PRESS RELEASE

Colorado Department of Labor and Employment • 633 Seventeenth Street, Suite 1200Denver, CO 80202

(303) 318-8004 • Fax: (303) 318-8870

 

 

For Immediate Release

 

Date:                 October 17, 2007

Contact:             Office of Government, Policy and Public Relations

Phone:              (303) 318-8004

Fax:                  (303) 318-8070

 Web:                www.coworkforce.com/VET/

 

 

DEPARTMENT OF LABOR AND EMPLOYMENT TO OFFER ASSISTANCE
TO HOMELESS VETERANS DURING 2007 ‘STAND DOWN’

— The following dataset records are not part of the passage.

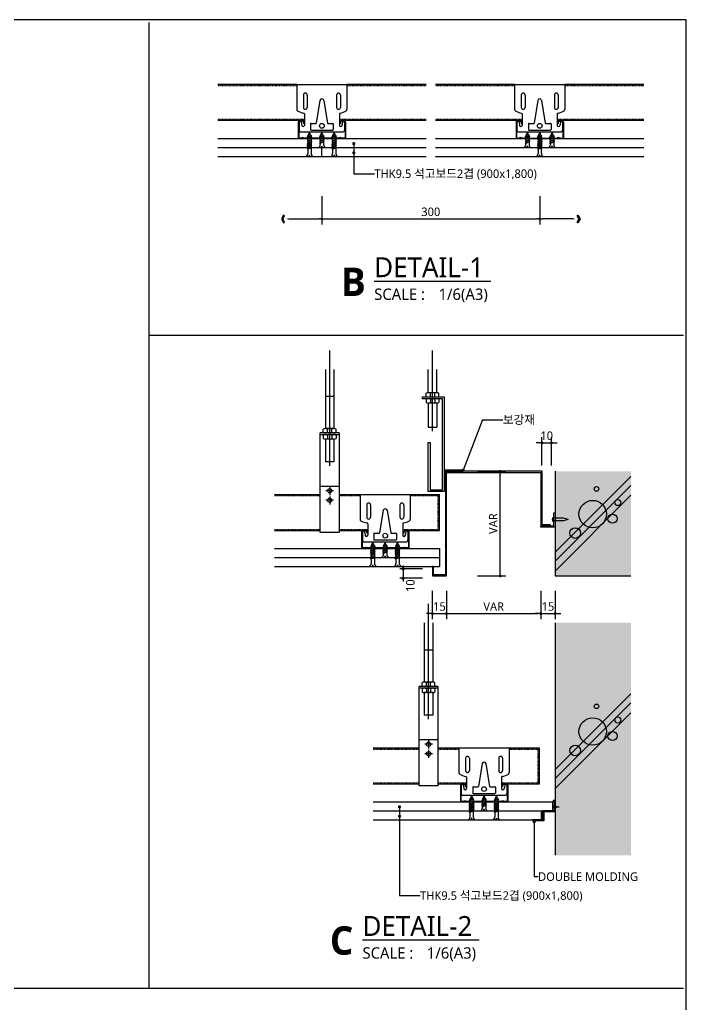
# Model space of a CAD drawing. Header units: millimetres. Extents: x 1394 to 74708, y 590 to 17190.
# Drawn here: x 40196 to 47235, y 6794 to 17190 of the extents above; entities that cross this region are included whole.
import ezdxf
from ezdxf.enums import TextEntityAlignment as Align

# ---------------------------------------------------------------- set-up
doc = ezdxf.new("R2010")
doc.units = ezdxf.units.MM
for name, pattern in [('CEN', [62, 60, -1, 0, -1]), ('CENTERX2', [101.6, 63.5, -12.7, 12.7, -12.7]), ('HID', [2, 1.1, -0.9])]:
    doc.linetypes.add(name, pattern=pattern)
doc.layers.get('Defpoints').update_dxf_attribs({"color": 152})
for name, color, linetype in [('A-DIM-N', 7, 'Continuous'), ('A-LINE-3', 7, 'Continuous'), ('A-TXT-N', 3, 'Continuous'), ('AA-ELE-8', 8, 'Continuous'), ('AA-XXXX-SOL253', 253, 'Continuous'), ('ANCHOR', 4, 'Continuous'), ('CARRING', 3, 'Continuous'), ('CARRING2', 1, 'Continuous'), ('CEN', 1, 'CENTERX2'), ('CON', 2, 'Continuous'), ('CURTAIN-BOX', 3, 'Continuous'), ('DIM', 7, 'Continuous'), ('DOUBLEMOLDING', 52, 'Continuous'), ('GYPSUM', 6, 'Continuous'), ('HATCH', 5, 'Continuous'), ('M-BAR', 7, 'Continuous'), ('M-BAR-CLIP', 4, 'Continuous'), ('MITONE', 6, 'Continuous'), ('PIECE', 4, 'Continuous'), ('SCREW2', 4, 'Continuous'), ('SCREW3X16', 1, 'Continuous'), ('SCREW3점5X22', 1, 'Continuous'), ('SYM', 7, 'Continuous'), ('TEXT', 3, 'Continuous'), ('보강재', 7, 'Continuous')]:
    doc.layers.add(name, color=color, linetype=linetype)
doc.styles.add('NH', font='malgun.ttf')
doc.styles.add('돋움체', font='malgun.ttf')
doc.styles.add('스타일1', font='malgun.ttf')
doc.styles.add('스타일2', font='malgunbd.ttf')
doc.dimstyles.new('DA(N)', dxfattribs={"dimtxt": 3, "dimasz": 1, "dimexe": 2, "dimexo": 2, "dimgap": 1, "dimtad": 1, "dimdec": 0, "dimdsep": 46, "dimlunit": 6, "dimtxsty": 'NH', "dimblk": 'DOT', "dimcen": 2.5, "dimdle": 1.5, "dimclrd": 256, "dimclre": 256, "dimclrt": 3, "dimadec": 0, "dimazin": 0, "dimtfac": 1, "dimtdec": 0, "dimtix": 1, "dimtmove": 2, "dimatfit": 3, "dimfxl": 2, "dimtvp": 1, "dimtolj": 1, "dimtzin": 0, "dimlwd": -1, "dimarcsym": 0})

# ---------------------------------------------------------------- blocks, each defined once
blk = doc.blocks.new('A$C037965EB')
at = {"layer": 'M-BAR-CLIP'}
for p, q in [((0, 50), (0, 23.9)), ((0, 50), (53, 50)), ((53, 50), (53, 23.9)), ((7, 39), (7, 26)), ((9, 41), (9, 41)), ((11, 39), (11, 26)), ((24.5, 33.4), (20.6, 9.4)), ((28.5, 33.4), (32.4, 9.4)), ((42, 39), (42, 26)), ((44, 41), (44, 41)), ((46, 39), (46, 26)), ((9, 24), (9, 24)), ((44, 24), (44, 24)), ((2.5, 10.4), (2.5, 2)), ((4.7, 10.4), (5.2, 7)), ((8, 19), (8, 7)), ((45, 19), (45, 7)), ((48.3, 10.4), (47.7, 7)), ((50.5, 10.4), (50.5, 2)), ((4.5, 0), (48.5, 0)), ((14.5, 8.5), (14.5, 2.5)), ((15, 9), (20.1, 9)), ((15, 2), (38, 2)), ((32.9, 9), (38, 9)), ((38.5, 8.5), (38.5, 2.5))]:
    blk.add_line(p, q, dxfattribs=at)
blk.add_circle((26.5, 6.5), 2.5, dxfattribs=at)
for centre, radius, start, end in [((9, 39), 2, 90, 180), ((9, 39), 2, 0, 90), ((26.5, 32.9), 2.07, 14.4386, 165.5614), ((44, 39), 2, 90, 180), ((44, 39), 2, 0, 90), ((2, 23.9), 2, 180, 231.4353), ((9.2, 35.2), 15.4, 236.7178, 262.3483), ((9, 26), 2, 180, 270), ((9, 26), 2, 270, 360), ((44, 26), 2, 180, 270), ((44, 26), 2, 270, 360), ((43.8, 35.2), 15.4, 277.6517, 303.2822), ((51, 23.9), 2, 308.5647, 0), ((3.6, 10.4), 1.1, 0, 180), ((7, 19), 1, 360, 82.3483), ((46, 19), 1, 97.6517, 180), ((49.4, 10.4), 1.1, 0, 180), ((4.5, 2), 2, 180, 270), ((6.6, 7), 1.38, 180, 0), ((15, 8.5), 0.5, 90, 180), ((15, 2.5), 0.5, 180, 270), ((20.1, 9.5), 0.5, 270, 350.7087), ((32.9, 9.5), 0.5, 189.2913, 270), ((38, 8.5), 0.5, 0, 90), ((38, 2.5), 0.5, 270, 0), ((46.4, 7), 1.38, 180, 360), ((48.5, 2), 2, 270, 0)]:
    blk.add_arc(centre, radius, start, end, dxfattribs=at)
blk = doc.blocks.new('A$C28582C84')
at = {"layer": 'SCREW2'}
for p, q in [((5.7, 21), (1.5, 20)), ((1.5, 20), (2.2, 20.9)), ((2.2, 21.6), (4, 25.4)), ((2.2, 21.6), (4, 22.8)), ((6.4, 21.9), (2.2, 20.9)), ((2.2, 21.6), (2.2, 20.9)), ((5.7, 21.8), (4, 25.4)), ((4, 25.4), (4, 22.8)), ((5.7, 21), (6.4, 21.9)), ((5.7, 21), (5.7, 19.7)), ((5.8, 19), (1.5, 17.9)), ((1.5, 17.9), (2.2, 18.8)), ((5.8, 16.9), (1.5, 15.9)), ((1.5, 15.9), (2.2, 16.8)), ((5.8, 14.8), (1.5, 13.8)), ((1.5, 13.8), (2.2, 14.7)), ((5.8, 12.8), (1.5, 11.8)), ((1.5, 11.8), (2.2, 12.7)), ((5.8, 10.7), (1.5, 9.7)), ((1.5, 9.7), (2.2, 10.6)), ((2.2, 20.2), (2.2, 18.8)), ((6.5, 19.9), (2.2, 18.8)), ((2.2, 18.1), (2.2, 16.8)), ((6.5, 17.8), (2.2, 16.8)), ((2.2, 16), (2.2, 14.7)), ((6.5, 15.8), (2.2, 14.7)), ((2.2, 14), (2.2, 12.7)), ((6.5, 13.7), (2.2, 12.7)), ((2.2, 11.9), (2.2, 10.6)), ((6.5, 11.7), (2.2, 10.6)), ((5.7, 18.9), (5.7, 17.6)), ((5.7, 16.9), (5.7, 15.6)), ((5.7, 14.8), (5.7, 13.6)), ((5.7, 12.8), (5.7, 11.5)), ((5.7, 10.7), (5.7, 9.5)), ((5.8, 19), (6.5, 19.9)), ((5.8, 16.9), (6.5, 17.8)), ((5.8, 14.8), (6.5, 15.8)), ((5.8, 12.8), (6.5, 13.7)), ((5.8, 10.7), (6.5, 11.7)), ((0, 0), (0, 0)), ((0, 0), (2.7, 0)), ((5.8, 8.7), (1.5, 7.7)), ((1.5, 7.7), (2.2, 8.6)), ((2.2, 9.9), (2.2, 8.6)), ((6.5, 9.6), (2.2, 8.6)), ((2.2, 7.8), (2.2, 3.2)), ((3.9, 1.2), (3.9, 1.6)), ((4, 1.7), (4, 1.7)), ((4.1, 1.2), (4.1, 1.6)), ((5.3, 0), (8, 0)), ((5.7, 8.7), (5.7, 3.2)), ((5.8, 8.7), (6.5, 9.6)), ((8, 0), (8, 0))]:
    blk.add_line(p, q, dxfattribs=at)
for centre, radius, start, end in [((-1.1, 3.2), 3.39, 289.6094, 359.4917), ((2.7, 1.1), 1.15, 267.5265, 0.9138), ((4, -4.8), 4.97, 80.6135, 99.3865), ((4, 1.6), 0.08, 90, 180), ((4, 1.6), 0.08, 0, 90), ((5.3, 1.1), 1.15, 179.0862, 272.4735), ((9.1, 3.2), 3.39, 180.5083, 250.3906)]:
    blk.add_arc(centre, radius, start, end, dxfattribs=at)
blk = doc.blocks.new('A$C5DD2461B')
at = {"layer": 'SCREW3점5X22'}
for p, q in [((5.8, 11.5), (1.5, 10.5)), ((1.5, 10.5), (2.2, 11.4)), ((6.4, 12.4), (2.2, 11.4)), ((2.3, 12.1), (4, 15.9)), ((2.3, 12.1), (4, 13.3)), ((2.3, 12.1), (2.3, 11.4)), ((2.3, 10.7), (2.3, 9.3)), ((4, 15.9), (4, 13.3)), ((5.7, 12.3), (4, 15.9)), ((5.8, 11.5), (6.4, 12.4)), ((5.8, 11.5), (5.8, 10.2)), ((0, 0), (0, 0)), ((5.8, 9.5), (1.5, 8.4)), ((1.5, 8.4), (2.2, 9.3)), ((5.8, 7.4), (1.5, 6.4)), ((1.5, 6.4), (2.2, 7.3)), ((5.8, 5.3), (1.5, 4.3)), ((1.5, 4.3), (2.2, 5.2)), ((6.5, 10.4), (2.2, 9.3)), ((6.5, 8.3), (2.2, 7.3)), ((6.5, 6.3), (2.2, 5.2)), ((2.3, 8.6), (2.3, 7.3)), ((2.3, 6.5), (2.3, 5.2)), ((2.3, 4.5), (2.3, 3.2)), ((3.9, 1.2), (3.9, 1.6)), ((4, 1.7), (4, 1.7)), ((4.1, 1.2), (4.1, 1.6)), ((5.8, 9.5), (6.5, 10.4)), ((5.8, 9.4), (5.8, 8.1)), ((5.8, 7.4), (6.5, 8.3)), ((5.8, 7.4), (5.8, 6.1)), ((5.8, 5.3), (6.5, 6.3)), ((5.8, 5.3), (5.8, 3.2)), ((8, 0), (8, 0)), ((0, 0), (2.7, 0)), ((5.3, 0), (8, 0))]:
    blk.add_line(p, q, dxfattribs=at)
for centre, radius, start, end in [((-1.1, 3.2), 3.39, 289.6094, 359.4917), ((2.7, 1.1), 1.15, 267.5265, 0.9138), ((4, -4.8), 4.97, 80.6135, 99.3865), ((4, 1.6), 0.08, 90, 180), ((4, 1.6), 0.08, 0, 90), ((5.3, 1.1), 1.15, 179.0862, 272.4735), ((9.1, 3.2), 3.39, 180.5083, 250.3906)]:
    blk.add_arc(centre, radius, start, end, dxfattribs=at)
blk = doc.blocks.new('A$C3D2622D9')
at = {"layer": 'M-BAR'}
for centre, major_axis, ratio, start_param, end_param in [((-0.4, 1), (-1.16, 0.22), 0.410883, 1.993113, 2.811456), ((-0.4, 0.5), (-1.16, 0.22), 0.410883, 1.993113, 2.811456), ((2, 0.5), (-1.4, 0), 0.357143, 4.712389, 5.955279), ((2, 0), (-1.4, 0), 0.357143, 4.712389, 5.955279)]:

November 8 event a link to survival for hundreds of individuals on Denver’s streets

Where:  National Guard Armory

5275 Franklin Street

Denver

When:  Thursday, November 8, 2007

 

(DENVER) – In times of war, exhausted combat units were removed from the battlefields to a place of relative security and safety.  Those troops were said to be in a “stand down” mode.  Today, “stand down” refers to a day of grassroots, community-based intervention designed to help the nation’s homeless veterans as they face survival on the streets.

 

Stand Down events are held all over the country, most of them taking place in November to coincide with Veterans Day, says Thresa Arney of the U.S. Department of Labor Veterans Employment and Training Services.  “It was started by two Vietnam veterans in San Diego in 1983 who decided that seeing veterans living on the street was more than they could bear.  They decided it was time for veterans to help each other.”

 

As she has done for the last seven years, Arney is co-chairing the event, now in its seventeenth year in Denver.  The 2007 Stand Down will be held on Thursday, November 8, at the National Guard Armory at 5275 Franklin Street.  The event offers a wide variety of information and assistance to homeless veterans to help them in their struggle on the streets and, wherever possible, to transition from the streets and shelters back into their communities.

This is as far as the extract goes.